Ce qui rend cette découverte particulièrement significative, c'est la manière dont les Borana ont intégré ces méthodes ancestrales à la gouvernance moderne. Les chercheurs ont observé que les comités d'alerte précoce de la communauté incluent désormais les ayyaantuu et les uuchuu aux côtés des responsables gouvernementaux. Ensemble, ils examinent les signes et produisent des rapports qui sont partagés avec les autorités du district. Cette collaboration comble le fossé entre la réalité locale et la politique nationale. Lorsque la communauté prédit une saison normale basée sur les étoiles et le comportement des animaux, et que les données gouvernementales le confirment, le résultat est une confiance partagée qui guide l'allocation des ressources. Inversement, lorsque les signes indiquent des problèmes, le système conjoint peut déclencher des actions spécifiques, telles que l'organisation de dialogues de paix pour prévenir les conflits liés aux ressources ou l'organisation d'une aide alimentaire d'urgence avant qu'une famine ne s'installe.

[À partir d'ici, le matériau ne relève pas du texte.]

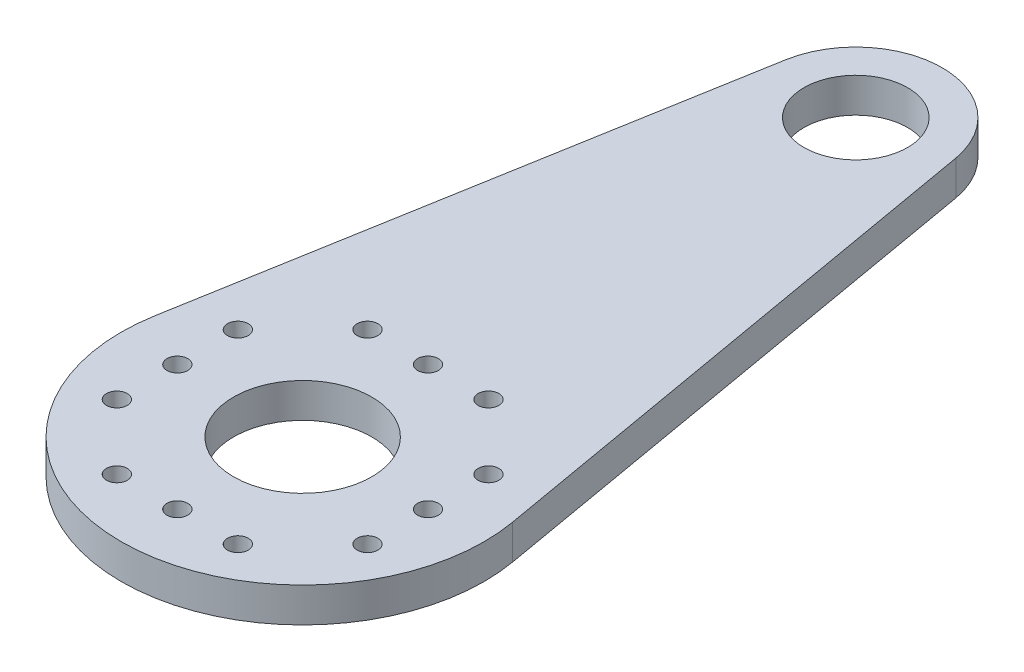
ISO-10303-21;
HEADER;
FILE_DESCRIPTION(('STEP AP214'),'2;1');
FILE_NAME('part.step','',(''),(''),'','','');
FILE_SCHEMA(('AUTOMOTIVE_DESIGN { 1 0 10303 214 1 1 1 1 }'));
ENDSEC;
DATA;
#1=APPLICATION_CONTEXT('core data for automotive mechanical design processes');
#2=APPLICATION_PROTOCOL_DEFINITION('international standard','automotive_design',2000,#1);
#3=PRODUCT_CONTEXT('',#1,'mechanical');
#4=PRODUCT('Part','Part','',(#3));
#5=PRODUCT_RELATED_PRODUCT_CATEGORY('part','',(#4));
#6=PRODUCT_DEFINITION_FORMATION('','',#4);
#7=PRODUCT_DEFINITION_CONTEXT('part definition',#1,'design');
#8=PRODUCT_DEFINITION('design','',#6,#7);
#9=PRODUCT_DEFINITION_SHAPE('','',#8);
#10=(LENGTH_UNIT() NAMED_UNIT(*) SI_UNIT(.MILLI.,.METRE.));
#11=(NAMED_UNIT(*) PLANE_ANGLE_UNIT() SI_UNIT($,.RADIAN.));
#12=(NAMED_UNIT(*) SI_UNIT($,.STERADIAN.) SOLID_ANGLE_UNIT());
#13=UNCERTAINTY_MEASURE_WITH_UNIT(LENGTH_MEASURE(1.E-05),#10,'distance_accuracy_value','');
#14=(GEOMETRIC_REPRESENTATION_CONTEXT(3) GLOBAL_UNCERTAINTY_ASSIGNED_CONTEXT((#13)) GLOBAL_UNIT_ASSIGNED_CONTEXT((#10,
#11,#12)) REPRESENTATION_CONTEXT('',''));
#15=CARTESIAN_POINT('',(0.,0.,0.));
#16=DIRECTION('',(0.,0.,1.));
#17=DIRECTION('',(1.,0.,0.));
#18=AXIS2_PLACEMENT_3D('',#15,#16,#17);
#19=CARTESIAN_POINT('',(0.,2.,-32.));
#20=DIRECTION('',(0.,1.,0.));
#21=DIRECTION('',(0.,0.,1.));
#22=AXIS2_PLACEMENT_3D('',#19,#20,#21);
#23=PLANE('',#22);
#24=CARTESIAN_POINT('',(-7.24999999999999,2.,3.50000000000003));
#25=DIRECTION('',(0.,1.,0.));
#26=DIRECTION('',(1.,0.,0.));
#27=AXIS2_PLACEMENT_3D('',#24,#25,#26);
#28=CIRCLE('',#27,0.6);
#29=CARTESIAN_POINT('',(-6.64999999999999,2.,3.50000000000002));
#30=VERTEX_POINT('',#29);
#31=EDGE_CURVE('E171',#30,#30,#28,.T.);
#32=ORIENTED_EDGE('',*,*,#31,.F.);
#33=EDGE_LOOP('',(#32));
#34=FACE_BOUND('',#33,.T.);
#35=CARTESIAN_POINT('',(3.5,2.,7.25));
#36=DIRECTION('',(0.,1.,0.));
#37=DIRECTION('',(0.,0.,-1.));
#38=AXIS2_PLACEMENT_3D('',#35,#36,#37);
#39=CIRCLE('',#38,0.6);
#40=CARTESIAN_POINT('',(3.5,2.,6.65));
#41=VERTEX_POINT('',#40);
#42=EDGE_CURVE('E189',#41,#41,#39,.T.);
#43=ORIENTED_EDGE('',*,*,#42,.F.);
#44=EDGE_LOOP('',(#43));
#45=FACE_BOUND('',#44,.T.);
#46=CARTESIAN_POINT('',(7.24999999999996,2.,-3.50000000000008));
#47=DIRECTION('',(0.,1.,0.));
#48=DIRECTION('',(-1.,0.,0.));
#49=AXIS2_PLACEMENT_3D('',#46,#47,#48);
#50=CIRCLE('',#49,0.6);
#51=CARTESIAN_POINT('',(6.64999999999996,2.,-3.50000000000007));
#52=VERTEX_POINT('',#51);
#53=EDGE_CURVE('E182',#52,#52,#50,.T.);
#54=ORIENTED_EDGE('',*,*,#53,.F.);
#55=EDGE_LOOP('',(#54));
#56=FACE_BOUND('',#55,.T.);
#57=CARTESIAN_POINT('',(-7.25,2.,0.));
#58=DIRECTION('',(0.,1.,0.));
#59=DIRECTION('',(1.,0.,0.));
#60=AXIS2_PLACEMENT_3D('',#57,#58,#59);
#61=CIRCLE('',#60,0.6);
#62=CARTESIAN_POINT('',(-6.65,2.,0.));
#63=VERTEX_POINT('',#62);
#64=EDGE_CURVE('E153',#63,#63,#61,.T.);
#65=ORIENTED_EDGE('',*,*,#64,.F.);
#66=EDGE_LOOP('',(#65));
#67=FACE_BOUND('',#66,.T.);
#68=CARTESIAN_POINT('',(0.,2.,7.25));
#69=DIRECTION('',(0.,1.,0.));
#70=DIRECTION('',(0.,0.,-1.));
#71=AXIS2_PLACEMENT_3D('',#68,#69,#70);
#72=CIRCLE('',#71,0.6);
#73=CARTESIAN_POINT('',(0.,2.,6.65));
#74=VERTEX_POINT('',#73);
#75=EDGE_CURVE('E172',#74,#74,#72,.T.);
#76=ORIENTED_EDGE('',*,*,#75,.F.);
#77=EDGE_LOOP('',(#76));
#78=FACE_BOUND('',#77,.T.);
#79=CARTESIAN_POINT('',(7.25,2.,0.));
#80=DIRECTION('',(0.,1.,0.));
#81=DIRECTION('',(-1.,0.,0.));
#82=AXIS2_PLACEMENT_3D('',#79,#80,#81);
#83=CIRCLE('',#82,0.6);
#84=CARTESIAN_POINT('',(6.65,2.,0.));
#85=VERTEX_POINT('',#84);
#86=EDGE_CURVE('E164',#85,#85,#83,.T.);
#87=ORIENTED_EDGE('',*,*,#86,.F.);
#88=EDGE_LOOP('',(#87));
#89=FACE_BOUND('',#88,.T.);
#90=CARTESIAN_POINT('',(-7.25000000000001,2.,-3.49999999999998));
#91=DIRECTION('',(0.,1.,0.));
#92=DIRECTION('',(1.,0.,0.));
#93=AXIS2_PLACEMENT_3D('',#90,#91,#92);
#94=CIRCLE('',#93,0.6);
#95=CARTESIAN_POINT('',(-6.65000000000001,2.,-3.49999999999998));
#96=VERTEX_POINT('',#95);
#97=EDGE_CURVE('E141',#96,#96,#94,.T.);
#98=ORIENTED_EDGE('',*,*,#97,.F.);
#99=EDGE_LOOP('',(#98));
#100=FACE_BOUND('',#99,.T.);
#101=CARTESIAN_POINT('',(-3.5,2.,7.25));
#102=DIRECTION('',(0.,1.,0.));
#103=DIRECTION('',(0.,0.,-1.));
#104=AXIS2_PLACEMENT_3D('',#101,#102,#103);
#105=CIRCLE('',#104,0.6);
#106=CARTESIAN_POINT('',(-3.5,2.,6.65));
#107=VERTEX_POINT('',#106);
#108=EDGE_CURVE('E154',#107,#107,#105,.T.);
#109=ORIENTED_EDGE('',*,*,#108,.F.);
#110=EDGE_LOOP('',(#109));
#111=FACE_BOUND('',#110,.T.);
#112=CARTESIAN_POINT('',(7.25000000000004,2.,3.49999999999992));
#113=DIRECTION('',(0.,1.,0.));
#114=DIRECTION('',(-1.,0.,0.));
#115=AXIS2_PLACEMENT_3D('',#112,#113,#114);
#116=CIRCLE('',#115,0.6);
#117=CARTESIAN_POINT('',(6.65000000000004,2.,3.49999999999993));
#118=VERTEX_POINT('',#117);
#119=EDGE_CURVE('E146',#118,#118,#116,.T.);
#120=ORIENTED_EDGE('',*,*,#119,.F.);
#121=EDGE_LOOP('',(#120));
#122=FACE_BOUND('',#121,.T.);
#123=CARTESIAN_POINT('',(3.5,2.,-7.25));
#124=DIRECTION('',(0.,1.,0.));
#125=DIRECTION('',(0.,0.,1.));
#126=AXIS2_PLACEMENT_3D('',#123,#124,#125);
#127=CIRCLE('',#126,0.6);
#128=CARTESIAN_POINT('',(3.5,2.,-6.65));
#129=VERTEX_POINT('',#128);
#130=EDGE_CURVE('E138',#129,#129,#127,.T.);
#131=ORIENTED_EDGE('',*,*,#130,.F.);
#132=EDGE_LOOP('',(#131));
#133=FACE_BOUND('',#132,.T.);
#134=CARTESIAN_POINT('',(-3.5,2.,-7.25));
#135=DIRECTION('',(0.,1.,0.));
#136=DIRECTION('',(0.,0.,1.));
#137=AXIS2_PLACEMENT_3D('',#134,#135,#136);
#138=CIRCLE('',#137,0.6);
#139=CARTESIAN_POINT('',(-3.5,2.,-6.65));
#140=VERTEX_POINT('',#139);
#141=EDGE_CURVE('E137',#140,#140,#138,.T.);
#142=ORIENTED_EDGE('',*,*,#141,.F.);
#143=EDGE_LOOP('',(#142));
#144=FACE_BOUND('',#143,.T.);
#145=CARTESIAN_POINT('',(0.,2.,-7.25));
#146=DIRECTION('',(0.,1.,0.));
#147=DIRECTION('',(0.,0.,1.));
#148=AXIS2_PLACEMENT_3D('',#145,#146,#147);
#149=CIRCLE('',#148,0.6);
#150=CARTESIAN_POINT('',(0.,2.,-6.65));
#151=VERTEX_POINT('',#150);
#152=EDGE_CURVE('E130',#151,#151,#149,.T.);
#153=ORIENTED_EDGE('',*,*,#152,.F.);
#154=EDGE_LOOP('',(#153));
#155=FACE_BOUND('',#154,.T.);
#156=CARTESIAN_POINT('',(0.,2.,0.));
#157=DIRECTION('',(0.,1.,0.));
#158=DIRECTION('',(0.,0.,1.));
#159=AXIS2_PLACEMENT_3D('',#156,#157,#158);
#160=CIRCLE('',#159,4.);
#161=CARTESIAN_POINT('',(0.,2.,4.));
#162=VERTEX_POINT('',#161);
#163=EDGE_CURVE('E104',#162,#162,#160,.T.);
#164=ORIENTED_EDGE('',*,*,#163,.F.);
#165=EDGE_LOOP('',(#164));
#166=FACE_BOUND('',#165,.T.);
#167=CARTESIAN_POINT('',(0.,2.,-32.));
#168=DIRECTION('',(0.,1.,0.));
#169=DIRECTION('',(0.,0.,1.));
#170=AXIS2_PLACEMENT_3D('',#167,#168,#169);
#171=CIRCLE('',#170,5.);
#172=CARTESIAN_POINT('',(4.92559383317129,2.,-32.859375));
#173=VERTEX_POINT('',#172);
#174=CARTESIAN_POINT('',(-4.92559383317129,2.,-32.859375));
#175=VERTEX_POINT('',#174);
#176=EDGE_CURVE('E89',#173,#175,#171,.T.);
#177=ORIENTED_EDGE('',*,*,#176,.T.);
#178=DIRECTION('',(-0.171875,0.,0.985118766634257));
#179=VECTOR('',#178,1.);
#180=CARTESIAN_POINT('',(-4.92559383317129,2.,-32.859375));
#181=LINE('',#180,#179);
#182=CARTESIAN_POINT('',(-10.3437470496597,2.,-1.80468750000001));
#183=VERTEX_POINT('',#182);
#184=EDGE_CURVE('E84',#175,#183,#181,.T.);
#185=ORIENTED_EDGE('',*,*,#184,.T.);
#186=CARTESIAN_POINT('',(0.,2.,0.));
#187=DIRECTION('',(0.,1.,0.));
#188=DIRECTION('',(0.,0.,1.));
#189=AXIS2_PLACEMENT_3D('',#186,#187,#188);
#190=CIRCLE('',#189,10.5);
#191=CARTESIAN_POINT('',(10.3437470496597,2.,-1.8046875));
#192=VERTEX_POINT('',#191);
#193=EDGE_CURVE('E87',#183,#192,#190,.T.);
#194=ORIENTED_EDGE('',*,*,#193,.T.);
#195=DIRECTION('',(-0.171875,0.,-0.985118766634257));
#196=VECTOR('',#195,1.);
#197=CARTESIAN_POINT('',(4.92559383317129,2.,-32.859375));
#198=LINE('',#197,#196);
#199=EDGE_CURVE('E54',#192,#173,#198,.T.);
#200=ORIENTED_EDGE('',*,*,#199,.T.);
#201=EDGE_LOOP('',(#177,#185,#194,#200));
#202=FACE_BOUND('',#201,.T.);
#203=CARTESIAN_POINT('',(0.,2.,-32.));
#204=DIRECTION('',(0.,1.,0.));
#205=DIRECTION('',(0.,0.,1.));
#206=AXIS2_PLACEMENT_3D('',#203,#204,#205);
#207=CIRCLE('',#206,3.);
#208=CARTESIAN_POINT('',(0.,2.,-29.));
#209=VERTEX_POINT('',#208);
#210=EDGE_CURVE('E119',#209,#209,#207,.T.);
#211=ORIENTED_EDGE('',*,*,#210,.F.);
#212=EDGE_LOOP('',(#211));
#213=FACE_BOUND('',#212,.T.);
#214=ADVANCED_FACE('F37',(#34,#45,#56,#67,#78,#89,#100,#111,#122,#133,#144,#155,#166,#202,#213),
#23,.T.);
#215=CARTESIAN_POINT('',(0.,0.,-32.));
#216=DIRECTION('',(0.,1.,0.));
#217=DIRECTION('',(0.,0.,1.));
#218=AXIS2_PLACEMENT_3D('',#215,#216,#217);
#219=PLANE('',#218);
#220=CARTESIAN_POINT('',(-7.24999999999999,0.,3.50000000000003));
#221=DIRECTION('',(0.,1.,0.));
#222=DIRECTION('',(1.,0.,0.));
#223=AXIS2_PLACEMENT_3D('',#220,#221,#222);
#224=CIRCLE('',#223,0.6);
#225=CARTESIAN_POINT('',(-6.64999999999999,0.,3.50000000000002));
#226=VERTEX_POINT('',#225);
#227=EDGE_CURVE('E192',#226,#226,#224,.F.);
#228=ORIENTED_EDGE('',*,*,#227,.F.);
#229=EDGE_LOOP('',(#228));
#230=FACE_BOUND('',#229,.T.);
#231=CARTESIAN_POINT('',(3.5,0.,7.25));
#232=DIRECTION('',(0.,1.,0.));
#233=DIRECTION('',(0.,0.,-1.));
#234=AXIS2_PLACEMENT_3D('',#231,#232,#233);
#235=CIRCLE('',#234,0.6);
#236=CARTESIAN_POINT('',(3.5,0.,6.65));
#237=VERTEX_POINT('',#236);
#238=EDGE_CURVE('E185',#237,#237,#235,.F.);
#239=ORIENTED_EDGE('',*,*,#238,.F.);
#240=EDGE_LOOP('',(#239));
#241=FACE_BOUND('',#240,.T.);
#242=CARTESIAN_POINT('',(7.24999999999996,0.,-3.50000000000008));
#243=DIRECTION('',(0.,1.,0.));
#244=DIRECTION('',(-1.,0.,0.));
#245=AXIS2_PLACEMENT_3D('',#242,#243,#244);
#246=CIRCLE('',#245,0.6);
#247=CARTESIAN_POINT('',(6.64999999999996,0.,-3.50000000000007));
#248=VERTEX_POINT('',#247);
#249=EDGE_CURVE('E186',#248,#248,#246,.F.);
#250=ORIENTED_EDGE('',*,*,#249,.F.);
#251=EDGE_LOOP('',(#250));
#252=FACE_BOUND('',#251,.T.);
#253=CARTESIAN_POINT('',(-7.25,0.,0.));
#254=DIRECTION('',(0.,1.,0.));
#255=DIRECTION('',(1.,0.,0.));
#256=AXIS2_PLACEMENT_3D('',#253,#254,#255);
#257=CIRCLE('',#256,0.6);
#258=CARTESIAN_POINT('',(-6.65,0.,0.));
#259=VERTEX_POINT('',#258);
#260=EDGE_CURVE('E175',#259,#259,#257,.F.);
#261=ORIENTED_EDGE('',*,*,#260,.F.);
#262=EDGE_LOOP('',(#261));
#263=FACE_BOUND('',#262,.T.);
#264=CARTESIAN_POINT('',(0.,0.,7.25));
#265=DIRECTION('',(0.,1.,0.));
#266=DIRECTION('',(0.,0.,-1.));
#267=AXIS2_PLACEMENT_3D('',#264,#265,#266);
#268=CIRCLE('',#267,0.6);
#269=CARTESIAN_POINT('',(0.,0.,6.65));
#270=VERTEX_POINT('',#269);
#271=EDGE_CURVE('E167',#270,#270,#268,.F.);
#272=ORIENTED_EDGE('',*,*,#271,.F.);
#273=EDGE_LOOP('',(#272));
#274=FACE_BOUND('',#273,.T.);
#275=CARTESIAN_POINT('',(7.25,0.,0.));
#276=DIRECTION('',(0.,1.,0.));
#277=DIRECTION('',(-1.,0.,0.));
#278=AXIS2_PLACEMENT_3D('',#275,#276,#277);
#279=CIRCLE('',#278,0.6);
#280=CARTESIAN_POINT('',(6.65,0.,0.));
#281=VERTEX_POINT('',#280);
#282=EDGE_CURVE('E168',#281,#281,#279,.F.);
#283=ORIENTED_EDGE('',*,*,#282,.F.);
#284=EDGE_LOOP('',(#283));
#285=FACE_BOUND('',#284,.T.);
#286=CARTESIAN_POINT('',(-7.25000000000001,0.,-3.49999999999998));
#287=DIRECTION('',(0.,1.,0.));
#288=DIRECTION('',(1.,0.,0.));
#289=AXIS2_PLACEMENT_3D('',#286,#287,#288);
#290=CIRCLE('',#289,0.6);
#291=CARTESIAN_POINT('',(-6.65000000000001,0.,-3.49999999999998));
#292=VERTEX_POINT('',#291);
#293=EDGE_CURVE('E157',#292,#292,#290,.F.);
#294=ORIENTED_EDGE('',*,*,#293,.F.);
#295=EDGE_LOOP('',(#294));
#296=FACE_BOUND('',#295,.T.);
#297=CARTESIAN_POINT('',(-3.5,0.,7.25));
#298=DIRECTION('',(0.,1.,0.));
#299=DIRECTION('',(0.,0.,-1.));
#300=AXIS2_PLACEMENT_3D('',#297,#298,#299);
#301=CIRCLE('',#300,0.6);
#302=CARTESIAN_POINT('',(-3.5,0.,6.65));
#303=VERTEX_POINT('',#302);
#304=EDGE_CURVE('E149',#303,#303,#301,.F.);
#305=ORIENTED_EDGE('',*,*,#304,.F.);
#306=EDGE_LOOP('',(#305));
#307=FACE_BOUND('',#306,.T.);
#308=CARTESIAN_POINT('',(7.25000000000004,0.,3.49999999999992));
#309=DIRECTION('',(0.,1.,0.));
#310=DIRECTION('',(-1.,0.,0.));
#311=AXIS2_PLACEMENT_3D('',#308,#309,#310);
#312=CIRCLE('',#311,0.6);
#313=CARTESIAN_POINT('',(6.65000000000004,0.,3.49999999999993));
#314=VERTEX_POINT('',#313);
#315=EDGE_CURVE('E150',#314,#314,#312,.F.);
#316=ORIENTED_EDGE('',*,*,#315,.F.);
#317=EDGE_LOOP('',(#316));
#318=FACE_BOUND('',#317,.T.);
#319=CARTESIAN_POINT('',(3.5,0.,-7.25));
#320=DIRECTION('',(0.,1.,0.));
#321=DIRECTION('',(0.,0.,1.));
#322=AXIS2_PLACEMENT_3D('',#319,#320,#321);
#323=CIRCLE('',#322,0.6);
#324=CARTESIAN_POINT('',(3.5,0.,-6.65));
#325=VERTEX_POINT('',#324);
#326=EDGE_CURVE('E134',#325,#325,#323,.F.);
#327=ORIENTED_EDGE('',*,*,#326,.F.);
#328=EDGE_LOOP('',(#327));
#329=FACE_BOUND('',#328,.T.);
#330=CARTESIAN_POINT('',(-3.5,0.,-7.25));
#331=DIRECTION('',(0.,1.,0.));
#332=DIRECTION('',(0.,0.,1.));
#333=AXIS2_PLACEMENT_3D('',#330,#331,#332);
#334=CIRCLE('',#333,0.6);
#335=CARTESIAN_POINT('',(-3.5,0.,-6.65));
#336=VERTEX_POINT('',#335);
#337=EDGE_CURVE('E133',#336,#336,#334,.F.);
#338=ORIENTED_EDGE('',*,*,#337,.F.);
#339=EDGE_LOOP('',(#338));
#340=FACE_BOUND('',#339,.T.);
#341=CARTESIAN_POINT('',(0.,0.,-7.25));
#342=DIRECTION('',(0.,1.,0.));
#343=DIRECTION('',(0.,0.,1.));
#344=AXIS2_PLACEMENT_3D('',#341,#342,#343);
#345=CIRCLE('',#344,0.6);
#346=CARTESIAN_POINT('',(0.,0.,-6.65));
#347=VERTEX_POINT('',#346);
#348=EDGE_CURVE('E125',#347,#347,#345,.F.);
#349=ORIENTED_EDGE('',*,*,#348,.F.);
#350=EDGE_LOOP('',(#349));
#351=FACE_BOUND('',#350,.T.);
#352=CARTESIAN_POINT('',(0.,0.,-32.));
#353=DIRECTION('',(0.,1.,0.));
#354=DIRECTION('',(0.,0.,1.));
#355=AXIS2_PLACEMENT_3D('',#352,#353,#354);
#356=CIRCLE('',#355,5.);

L'étude souligne que cette approche hybride est plus efficace que de compter sur l'un ou l'autre système seul, car elle combine la précision de l'observation locale avec la puissance logistique des institutions formelles.
La recherche a également révélé que le système Borana surveille bien plus que le climat. Il suit également le tissu social et économique de la communauté. Les indicateurs incluent le prix des céréales sur le marché, l'état corporel des enfants et la fréquence des ventes de bétail. Si une famille doit commencer à boire le sang d'animaux vivants pour survivre, ou si les enfants commencent à montrer des signes de malnutrition malgré la tradition communautaire de les nourrir en priorité, ce sont des signaux clairs d'une crise qui s'aggrave. Le système est assez sensible pour détecter les premiers stades de conflit, notant quand les gens cessent de partager les marchés ou quand les raids commencent à avoir lieu. En observant ces changements sociaux parallèlement aux changements environnementaux, la communauté peut répondre à une crise sous sa forme la plus précoce et la plus gérable.
L'étude conclut que, bien que le changement climatique modifie l'environnement et rende certains indicateurs traditionnels moins fiables, la capacité fondamentale des Borana à observer et à s'adapter reste intacte. Les chercheurs soutiennent que rejeter ce savoir au profit de modèles purement scientifiques serait une erreur. Au contraire, la voie la plus résiliente consiste à reconnaître la valeur de cette expertise indigène et à créer des canaux formels pour qu'elle informe la réponse aux catastrophes. L'exemple des Borana montre que lorsque les communautés locales sont traitées comme des partenaires dans la surveillance de leur propre environnement, les systèmes d'alerte précoce qui en résultent sont plus fiables, plus précis et plus susceptibles de mener à une action opportune. Dans un monde où les chocs climatiques deviennent de plus en plus fréquents, la capacité de lire les étoiles, les animaux et la terre offre un guide intemporel, mais urgentement nécessaire, pour la survie.